Neighbors in the vicinity of those vacation rentals will have to accept the fact that people from anywhere in the world will be in their neighborhoods on a daily, weekly, or monthly basis.

Earning big money is the name of the game.

Jorge Estrada

Sounds like he is only doing like many in Morro Bay. How can you not talk about wood if your a termite on a lumber pile? Even a termite has to eat to feed their enzymes.

Kaiser Bill

Total Dope Jamie Irons and Trust Fund Baby Noah Smukler have to go! Sad!


This mayor and city council are the worst the City has ever seen in the history of Morro Bay. Although, I agree with the mayor’s comments about vacation rentals, the way he went about the process was totally out of line. Why doesn’t this surprise me? Because everything they’ve done, from the hiring of the City Manager and the Assistant City Manager to the mismanagement of the current wastewater treatment plant hasn’t been done correctly. Also, whose house had the streets paved in front of first? Mayor Irons. The citizens of Morro Bay have been had! The funny thing is that, finally, the people who voted for such incompetence are waking up. Better late than never.




verbNorth American

verb: recuse; 3rd person present: recuses; past tense: recused; past participle: recused; gerund or present participle: recusing

challenge (a judge, prosecutor, or juror) as unqualified to perform legal duties because of a possible conflict of interest or lack of impartiality.

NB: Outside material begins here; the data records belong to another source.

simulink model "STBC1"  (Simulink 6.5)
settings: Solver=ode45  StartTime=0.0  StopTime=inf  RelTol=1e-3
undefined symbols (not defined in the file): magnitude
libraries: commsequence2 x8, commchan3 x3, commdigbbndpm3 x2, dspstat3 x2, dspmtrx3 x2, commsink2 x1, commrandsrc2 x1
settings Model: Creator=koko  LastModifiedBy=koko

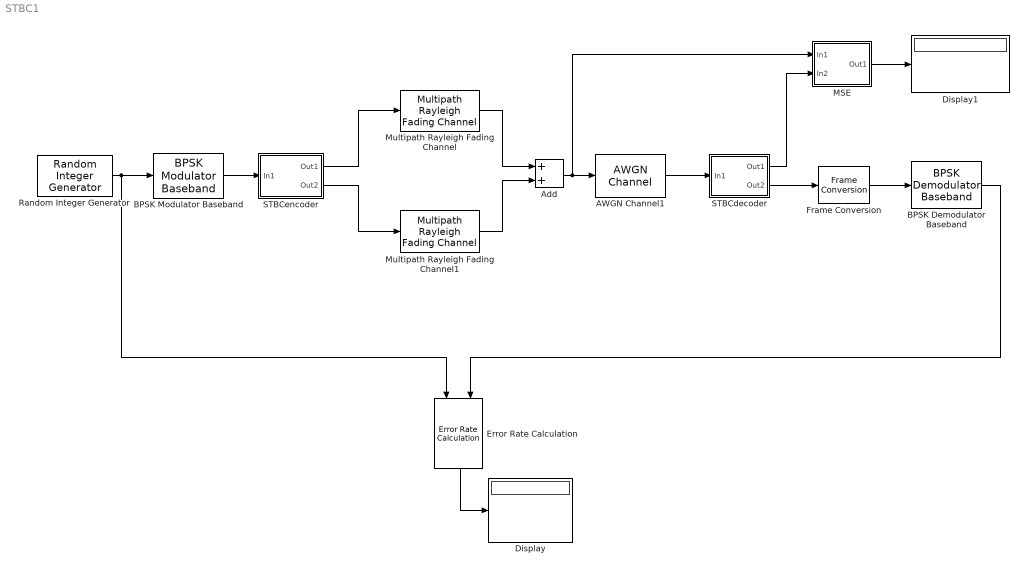
== system STBC1 ==
  AWGN Channel1 : commchan3/AWGN Channel  SystemSampleTime=-1  seed=18293  noiseMode="Signal to noise ratio  (Eb/No)"  EbNodB=12  EsNodB=10  SNRdB=10  bitsPerSym=1  Ps=1  Tsym=0.0000005  variance=1
  Add : Sum  OutScaling=2^-10
  BPSK Demodulator Baseband : commdigbbndpm3/BPSK Demodulator Baseband  DialogController=commDDGCreate  DialogControllerArgs=DataTag0  Ph=0  DecType=Hard decision  VarSource=Dialog  Variance=1  outDtype=double
  BPSK Modulator Baseband : commdigbbndpm3/BPSK Modulator Baseband  SystemSampleTime=-1  Ph=0  outDtype=double  outWordLen=16  outUDDataType=sfix(16)  outFracLenMode=Best precision  outFracLen=15
  Display : Display
  Display1 : Display
  Error Rate Calculation : commsink2/Error Rate Calculation  Orientation=down  N=0  st_delay=0  cp_mode=Entire frame  subframe=[]  PMode=Port  WsName=ErrorVec  RsMode2=off  stop=on  numErr=1000000  maxBits=5e5
  Frame Conversion : FrameConversion
  MSE : Subsystem
  Multipath Rayleigh Fading Channel : commchan3/Multipath Rayleigh Fading Channel  SystemSampleTime=-1  maxDopplerShift=40  pathDelays=[0]  avgPathGaindB=[0]  normalizePathGains=on  seed=73117  enableProbe=0  openVisAtStart=off  outPathGains=off  outDelay=off
  Multipath Rayleigh Fading Channel1 : commchan3/Multipath Rayleigh Fading Channel  SystemSampleTime=-1  maxDopplerShift=40  pathDelays=[0]  avgPathGaindB=[0]  normalizePathGains=on  seed=17893  enableProbe=0  openVisAtStart=off  outPathGains=off  outDelay=off
  Random Integer Generator : commrandsrc2/Random Integer Generator  SystemSampleTime=-1  mul=2  seed=871234  Ts=1e-6  frameBased=on  sampPerFrame=2  orient=off  outDataType=double
  STBCdecoder : Subsystem
  STBCencoder : Subsystem
  wires:
  BPSK Modulator Baseband/1 -> STBCencoder/1(In1)
  STBCencoder/1(Out1) -> Multipath Rayleigh Fading Channel/1
  STBCencoder/2(Out2) -> Multipath Rayleigh Fading Channel1/1
  Error Rate Calculation/1 -> Display/1
  Random Integer Generator/1 -> BPSK Modulator Baseband/1, Error Rate Calculation/1
  Multipath Rayleigh Fading Channel/1 -> Add/1
  Multipath Rayleigh Fading Channel1/1 -> Add/2
  Add/1 -> AWGN Channel1/1, MSE/1(In1)
  AWGN Channel1/1 -> STBCdecoder/1(In1)
  BPSK Demodulator Baseband/1 -> Error Rate Calculation/2
  Frame Conversion/1 -> BPSK Demodulator Baseband/1
  STBCdecoder/2(Out2) -> Frame Conversion/1
  STBCdecoder/1(Out1) -> MSE/2(In2)
  MSE/1(Out1) -> Display1/1

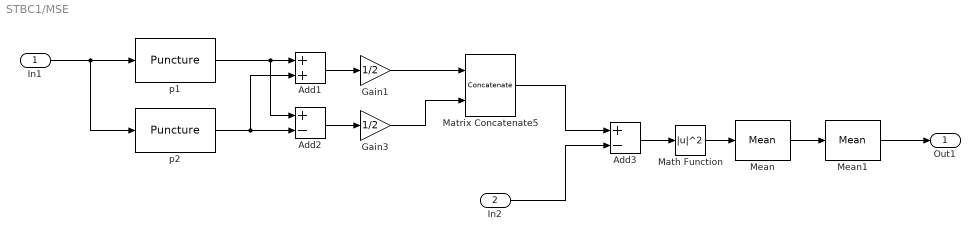
== system STBC1/MSE ==
  In1 : Inport
  In2 : Inport  Port=2
  Add1 : Sum  OutScaling=2^-10
  Add2 : Sum  Inputs=+-  OutScaling=2^-10
  Add3 : Sum  Inputs=+-  OutScaling=2^-10
  Gain1 : Gain  Gain=1/2
  Gain3 : Gain  Gain=1/2
  Math Function : Math  Operator=magnitude^2  SaturateOnIntegerOverflow=on
  Matrix Concatenate5 : Concatenate  Mode=Vertical matrix concatenation
  Mean : dspstat3/Mean  DialogController=dspDDGCreate  DialogControllerArgs=DataTag1  run=on  reset_popup=None  roundingMode=Floor  overflowMode=off
  Mean1 : dspstat3/Mean  DialogController=dspDDGCreate  DialogControllerArgs=DataTag2  run=off  reset_popup=None  roundingMode=Floor  overflowMode=off
  p1 : commsequence2/Puncture  punctureVector=[1 0 0 0].'
  p2 : commsequence2/Puncture  punctureVector=[0 1 0 0].'
  Out1 : Outport
  wires:
  p1/1 -> Add1/1, Add2/1
  p2/1 -> Add2/2, Add1/2
  Add1/1 -> Gain1/1
  Add2/1 -> Gain3/1
  In1/1 -> p1/1, p2/1
  Gain3/1 -> Matrix Concatenate5/2
  Gain1/1 -> Matrix Concatenate5/1
  Matrix Concatenate5/1 -> Add3/1
  Mean/1 -> Mean1/1
  In2/1 -> Add3/2
  Add3/1 -> Math Function/1
  Math Function/1 -> Mean/1
  Mean1/1 -> Out1/1

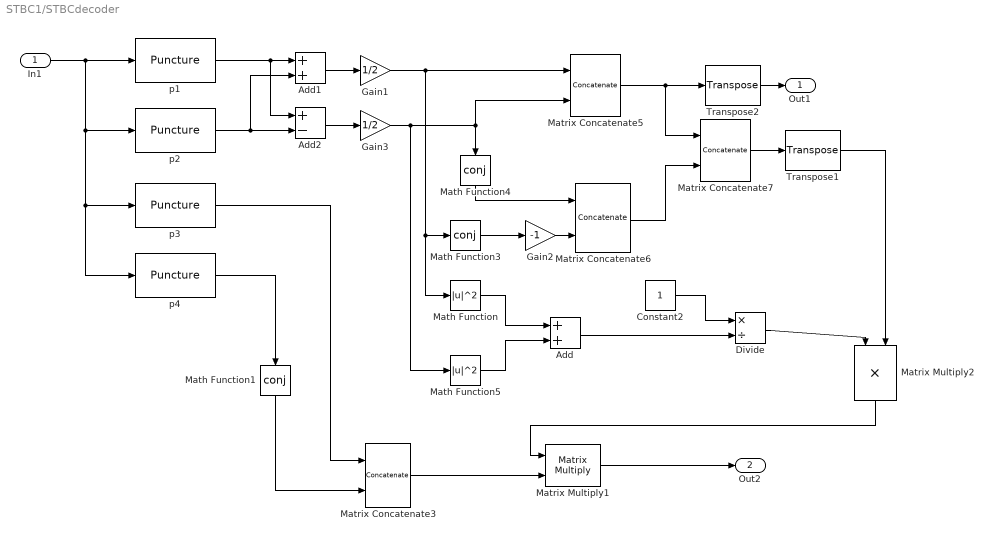
== system STBC1/STBCdecoder ==
  In1 : Inport
  Add : Sum  OutScaling=2^-10
  Add1 : Sum  OutScaling=2^-10
  Add2 : Sum  Inputs=+-  OutScaling=2^-10
  Constant2 : Constant  Value=1  OutDataType=sfix(16)  ConRadixGroup=Use specified scaling  OutScaling=2^0  SampleTime=inf  FramePeriod=inf
  Divide : Product  Inputs=*/  OutScaling=2^-10
  Gain1 : Gain  Gain=1/2
  Gain2 : Gain  Gain=-1
  Gain3 : Gain  Gain=1/2
  Math Function : Math  Operator=magnitude^2  SaturateOnIntegerOverflow=on
  Math Function1 : Math  Orientation=down  Operator=conj  SaturateOnIntegerOverflow=on
  Math Function3 : Math  Operator=conj  SaturateOnIntegerOverflow=on
  Math Function4 : Math  Orientation=down  Operator=conj  SaturateOnIntegerOverflow=on
  Math Function5 : Math  Operator=magnitude^2  SaturateOnIntegerOverflow=on
  Matrix Concatenate3 : Concatenate  Mode=Vertical matrix concatenation
  Matrix Concatenate5 : Concatenate  Mode=Horizontal matrix concatenation
  Matrix Concatenate6 : Concatenate  Mode=Horizontal matrix concatenation
  Matrix Concatenate7 : Concatenate  Mode=Vertical matrix concatenation
  Matrix Multiply1 : Product  Multiplication=Matrix(*)
  Matrix Multiply2 : Product  Orientation=down
  Transpose1 : dspmtrx3/Transpose  SystemSampleTime=-1  Hermitian=on  overflowFlag=off
  Transpose2 : dspmtrx3/Transpose  SystemSampleTime=-1  Hermitian=off  overflowFlag=off
  p1 : commsequence2/Puncture  punctureVector=[1 0 0 0].'
  p2 : commsequence2/Puncture  punctureVector=[0 1 0 0].'
  p3 : commsequence2/Puncture  punctureVector=[0 0 1 0].'
  p4 : commsequence2/Puncture  punctureVector=[0 0 0 1].'
  Out1 : Outport
  Out2 : Outport  Port=2
  wires:
  p4/1 -> Math Function1/1
  p3/1 -> Matrix Concatenate3/1
  Matrix Concatenate5/1 -> Matrix Concatenate7/1, Transpose2/1
  Matrix Concatenate6/1 -> Matrix Concatenate7/2
  Matrix Concatenate7/1 -> Transpose1/1
  Gain2/1 -> Matrix Concatenate6/2
  Math Function4/1 -> Matrix Concatenate6/1
  Math Function3/1 -> Gain2/1
  Matrix Concatenate3/1 -> Matrix Multiply1/2
  Transpose1/1 -> Matrix Multiply2/2
  Matrix Multiply2/1 -> Matrix Multiply1/1
  Matrix Multiply1/1 -> Out2/1
  p1/1 -> Add1/1, Add2/1
  p2/1 -> Add2/2, Add1/2
  Add1/1 -> Gain1/1
  Add2/1 -> Gain3/1
  Divide/1 -> Matrix Multiply2/1
  Constant2/1 -> Divide/1
  Add/1 -> Divide/2
  Math Function5/1 -> Add/2
  Gain1/1 -> Matrix Concatenate5/1, Math Function3/1, Math Function/1
  Math Function/1 -> Add/1
  Math Function1/1 -> Matrix Concatenate3/2
  Gain3/1 -> Math Function4/1, Matrix Concatenate5/2, Math Function5/1
  In1/1 -> p1/1, p2/1, p3/1, p4/1
  Transpose2/1 -> Out1/1

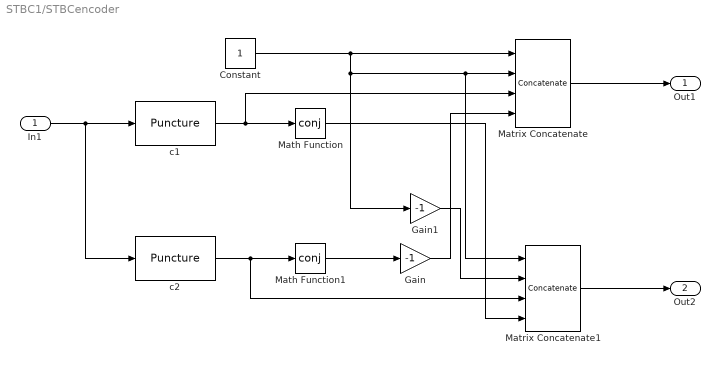
== system STBC1/STBCencoder ==
  In1 : Inport
  Constant : Constant  Value=1  OutDataType=sfix(16)  ConRadixGroup=Use specified scaling  OutScaling=2^0  SampleTime=inf  FramePeriod=inf
  Gain : Gain  Gain=-1
  Gain1 : Gain  Gain=-1
  Math Function : Math  Operator=conj  SaturateOnIntegerOverflow=on
  Math Function1 : Math  Operator=conj  SaturateOnIntegerOverflow=on
  Matrix Concatenate : Concatenate  NumInputs=4  Mode=Vertical matrix concatenation
  Matrix Concatenate1 : Concatenate  NumInputs=4  Mode=Vertical matrix concatenation
  c1 : commsequence2/Puncture  punctureVector=[1 0].'
  c2 : commsequence2/Puncture  punctureVector=[0 1].'
  Out1 : Outport
  Out2 : Outport  Port=2
  wires:
  In1/1 -> c1/1, c2/1
  c1/1 -> Math Function/1, Matrix Concatenate/3
  c2/1 -> Math Function1/1, Matrix Concatenate1/3
  Math Function1/1 -> Gain/1
  Gain/1 -> Matrix Concatenate/4
  Matrix Concatenate/1 -> Out1/1
  Math Function/1 -> Matrix Concatenate1/4
  Matrix Concatenate1/1 -> Out2/1
  Gain1/1 -> Matrix Concatenate1/2
  Constant/1 -> Matrix Concatenate/1, Matrix Concatenate/2, Matrix Concatenate1/1, Gain1/1

“a motion to recuse the prosecutor”

(of a judge) excuse oneself from a case because of a possible conflict of interest or lack of impartiality.

“the Justice Department demanded that he recuse himself from the case.”

The Mayor should resign. He clearly is guilty of dereliction of duty by lobbying the council after recusing himself. He is a fraud.


What else is new?


Can we please change the term “Public Service” to “Self Service” once and for all?